In previous studies, TNF polymorphisms have been related to severe malaria. SNPs at position −1031,-857,-308,-238 and −863 in the promoter region of TNF gene exhibit differential associations to malaria and TNF production in different populations suggesting that individual TNF responses may be genetically determined [7, 8, 50, 51]. TNF 1304 within intron 3 was associated with variation in mild malaria and parasitaemia [10], and TNF-308A and TNF-238A allele have been associated with high anti-P. falciparum antibodies [24, 25]. In this study, there was no association of IgG subclass levels with TNF-308 and TNF-238 polymorphisms. TNF-863A and TNF-857 T were, however, associated with high anti-malarial IgG3 and IgG levels, respectively. Moreover, there was an association of low IgG3, IgG4, and IgG levels with TNF 1304, which has been associated with mild malaria and parasitaemia in the same population [10]; this further supports the role of TNF 1304 on malaria phenotypes, although the effect of the polymorphism on the molecular function or the gene expression has not been reported. In contrast, the molecular effect of polymorphisms within the TNF promoter has been studied.
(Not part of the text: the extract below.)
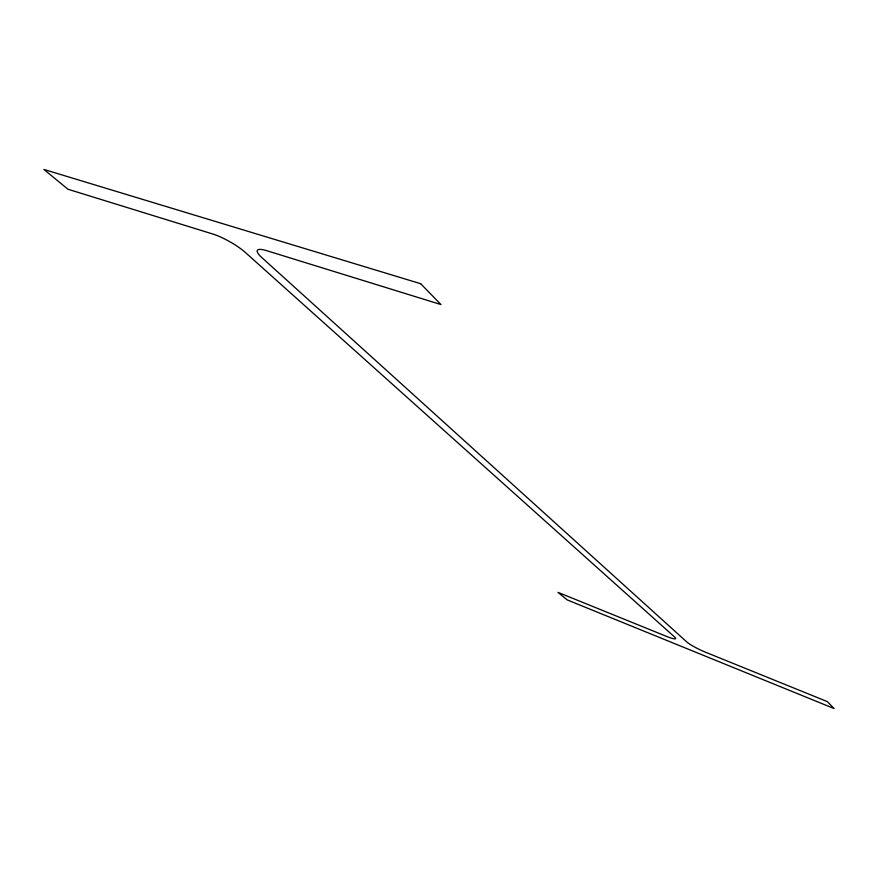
<?xml version="1.0" encoding="UTF-8"?>
<svg xmlns="http://www.w3.org/2000/svg" width="878" height="878" viewBox="0 0 878 878"><rect width="100%" height="100%" fill="white"/><g stroke="black" fill="none" stroke-linecap="round" stroke-linejoin="round"><path stroke-width="1.32" d="M420.672 283.704L43.9 169.443L67.968 189.242L212.838 234.031A26.142 5.597 29.5 0 1 245.324 252.436L674.666 637.055A15.98 2.206 25.9 0 1 666.731 636.462L558.002 592.365L567.133 599.872L834.1 708.557L827.35 701.621L705.671 652.266A16.265 2.261 25.7 0 1 686.815 641.972L261.874 257.616A26.592 5.905 29.2 0 1 266.55 250.636L440.965 304.556L420.672 283.704"/></g></svg>

Other authors reported that the transcription factor OCT-1 binds specifically to the TNF-863A and TNF-857 T alleles, that the transcriptional promoter activity of a haplotype harbouring TNF-863A and TNF-857 T was higher than the one of other haplotypes in Japan [50, 51]. An explanation for association of TNF polymorphism with IgG response could be that TNF gene is important in the development of humoral response as an autocrine B-cell growth factor [52].

Conclusions

Our results indicate that HbC, TNF-857T, and TNF 1304A were associated with high levels of anti-malarial IgG. The FcγRIIa H131 allele was associated with high levels of anti-malarial IgG2 and low levels of anti-malarial IgG3. TNF-863A was associated with high levels of anti-malarial IgG3, whereas TNF 1304 was associated with variation in the levels of anti-malarial IgG3 and IgG4. It should be stressed that all these polymorphisms have been associated with parasitaemia, mild malaria or severe malaria; this suggests that their protective effect may be partly due to their effect on the IgG subclass production.